Now we can test drugs on actual tumors, not 2D sheets of cells.
HeLa cells under a microscope (image not from 3D printing study). Image: Pablo Ramdhor/Flickr
For the first time ever, scientists have 3D printed a cancer tumor in order to study how to kill it.
Growing cancer cells in a laboratory is nothing new—it’s often how new drugs are tested before they hit clinical trials. But those cultures are grown on petri dishes, where they’re unable to become actual “tumors” and are instead simply sheets of 2D cells. That means that a drug might work on cancer cells in a lab, but once it’s tested on an actual tumor, the three dimensional structure of it can throw in some added kinks that makes it ineffective. Wei Sun of Drexel University saw that the 3D printing of living cells has improved enough to make printing of actual tumors a viable possibility.

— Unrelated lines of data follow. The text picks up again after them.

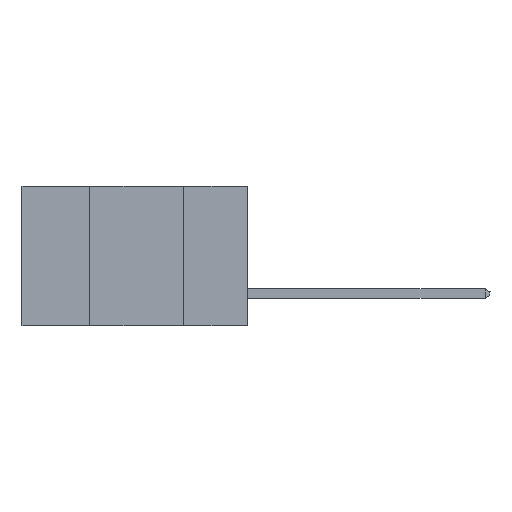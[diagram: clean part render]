
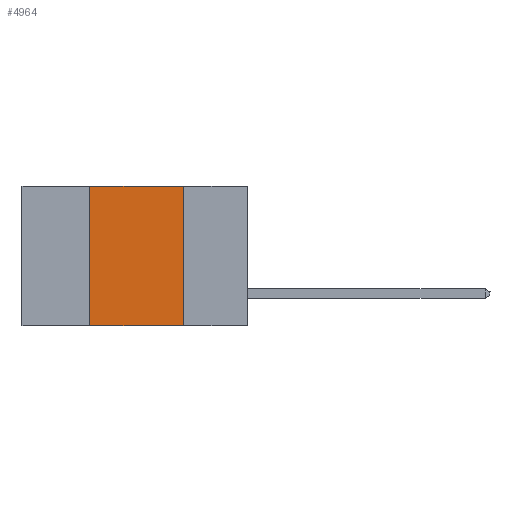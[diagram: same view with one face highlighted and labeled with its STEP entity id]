
A CAD part, left-side view. The second image highlights one B-rep face of the part: STEP entity #4964.
In plain terms, the highlighted planar face has unit normal (-1, 0, 0).
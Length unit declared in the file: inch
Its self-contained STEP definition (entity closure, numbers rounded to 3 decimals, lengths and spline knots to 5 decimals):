
#666 = VECTOR ( 'NONE', #9065, 39.37008 ) ;
#724 = EDGE_LOOP ( 'NONE', ( #5321, #8058, #5070, #1365 ) ) ;
#1053 = CARTESIAN_POINT ( 'NONE',  ( 0., 0.6, 0. ) ) ;
#1319 = CARTESIAN_POINT ( 'NONE',  ( 0., 0.42, 0. ) ) ;
#1365 = ORIENTED_EDGE ( 'NONE', *, *, #9619, .T. ) ;
#1763 = CARTESIAN_POINT ( 'NONE',  ( 0., 0.17, -0.37 ) ) ;
#1907 = VECTOR ( 'NONE', #7742, 39.37008 ) ;
#2025 = AXIS2_PLACEMENT_3D ( 'NONE', #5336, #3739, #8380 ) ;
#3032 = VECTOR ( 'NONE', #9371, 39.37008 ) ;
#3162 = DIRECTION ( 'NONE',  ( 0., 0., 1. ) ) ;
#3739 = DIRECTION ( 'NONE',  ( 1., 0., 0. ) ) ;
#3854 = CARTESIAN_POINT ( 'NONE',  ( 0., 0.17, -0.37 ) ) ;
#4078 = VECTOR ( 'NONE', #3162, 39.37008 ) ;
#4964 = ADVANCED_FACE ( 'NONE', ( #5277 ), #6265, .F. ) ;
#4980 = EDGE_CURVE ( 'NONE', #6135, #11493, #8445, .T. ) ;
#5070 = ORIENTED_EDGE ( 'NONE', *, *, #9887, .F. ) ;
#5277 = FACE_OUTER_BOUND ( 'NONE', #724, .T. ) ;
#5321 = ORIENTED_EDGE ( 'NONE', *, *, #4980, .F. ) ;
#5336 = CARTESIAN_POINT ( 'NONE',  ( 0., 0.6, 0. ) ) ;
#5771 = CARTESIAN_POINT ( 'NONE',  ( 0., 0.42, -0.37 ) ) ;
#5813 = LINE ( 'NONE', #1053, #1907 ) ;
#6135 = VERTEX_POINT ( 'NONE', #10252 ) ;
#6265 = PLANE ( 'NONE',  #2025 ) ;
#7742 = DIRECTION ( 'NONE',  ( 0., -1., 0. ) ) ;
#7764 = CARTESIAN_POINT ( 'NONE',  ( 0., 0.42, -0.37 ) ) ;
#8058 = ORIENTED_EDGE ( 'NONE', *, *, #12062, .F. ) ;
#8380 = DIRECTION ( 'NONE',  ( 0., 0., -1. ) ) ;
#8445 = LINE ( 'NONE', #1763, #3032 ) ;
#8957 = VERTEX_POINT ( 'NONE', #1319 ) ;
#9065 = DIRECTION ( 'NONE',  ( 0., -1., 0. ) ) ;
#9317 = VERTEX_POINT ( 'NONE', #5771 ) ;
#9371 = DIRECTION ( 'NONE',  ( 0., 0., -1. ) ) ;
#9619 = EDGE_CURVE ( 'NONE', #9317, #11493, #12082, .T. ) ;
#9887 = EDGE_CURVE ( 'NONE', #9317, #8957, #11630, .T. ) ;
#10252 = CARTESIAN_POINT ( 'NONE',  ( 0., 0.17, 0. ) ) ;
#11220 = CARTESIAN_POINT ( 'NONE',  ( 0., 0.6, -0.37 ) ) ;
#11493 = VERTEX_POINT ( 'NONE', #3854 ) ;
#11630 = LINE ( 'NONE', #7764, #4078 ) ;
#12062 = EDGE_CURVE ( 'NONE', #8957, #6135, #5813, .T. ) ;
#12082 = LINE ( 'NONE', #11220, #666 ) ;

In a paper published in the Institute of Physics’ journal Biofabrication, Sun describes the advantages of creating actual tumors (that simulate cervical cancer) over testing drugs on single 2D-layers of cells.
“Comparisons of 3D and 2D results reveal that the HeLa cells showed a higher proliferation rate in the printed 3D environment and tended to form cellular spheroids, but formed monolayer cell sheets in the 2D culture. HeLa cells in 3D printed models also showed higher protein expression and higher chemoresistance than those in 2D culture. The results also reveal that the printed 3D models have more simulated tumor characteristics compared with the 2D planar cell culture models.”
For those of you interested in microbial trivia, HeLa cells are named after Henrietta Lacks, the woman from whom the first “immortal” cell line was created for laboratory research. Basically, HeLa cells are the ones we understand best, because they were the first we ever worked with in a lab.
The top series of photos shows a 2D model, the bottom is a 3D model, which is obviously much more developed. Image: Biofabrication.
The results are pretty impressive: In a human body, cancer cells reproduce at an astounding rate, which is what makes cancer so deadly and difficult to treat. Actually killing the cells often isn’t the problem, targeting the tumor is. In a 2D lab scenario, neither of those problems are addressed.
3D printing raises some of its own problems—the actual process is quite violent (on a cellular level)—at first, it was difficult to create living cells in the correct formations without killing many of them. But, eventually, Sun was able to figure out a method in which more than 90 percent of the printed cells remained viable.
The key to studying cancer in a lab is creating what's known as “replicative immortality,” a hallmark of cancer that basically means that, once a tumor starts dividing and growing, it’s not going to stop.
“Enabling replicative immortality is one of the crucial cancer hallmarks, but tumor cell proliferation in 2D plates was inevitably inhibited by the area of the growth surface,” Sun wrote. In the 3D model, that problem is not fully solved, because once the tumor “floats way” from its growth substance, the tumor experiences “abundant cell loss.” But still, the 3D model is much more realistic (and can grow much larger) than a 2D version.
“Compared with the 2D planar culture, the additional dimensionality of 3D culture leads to differences in cell activities, including morphology, proliferation, and gene and protein expression,” Sun wrote. Basically, the tumor behaves more like a tumor. When you’re trying to find a cure for cancer, that’s huge.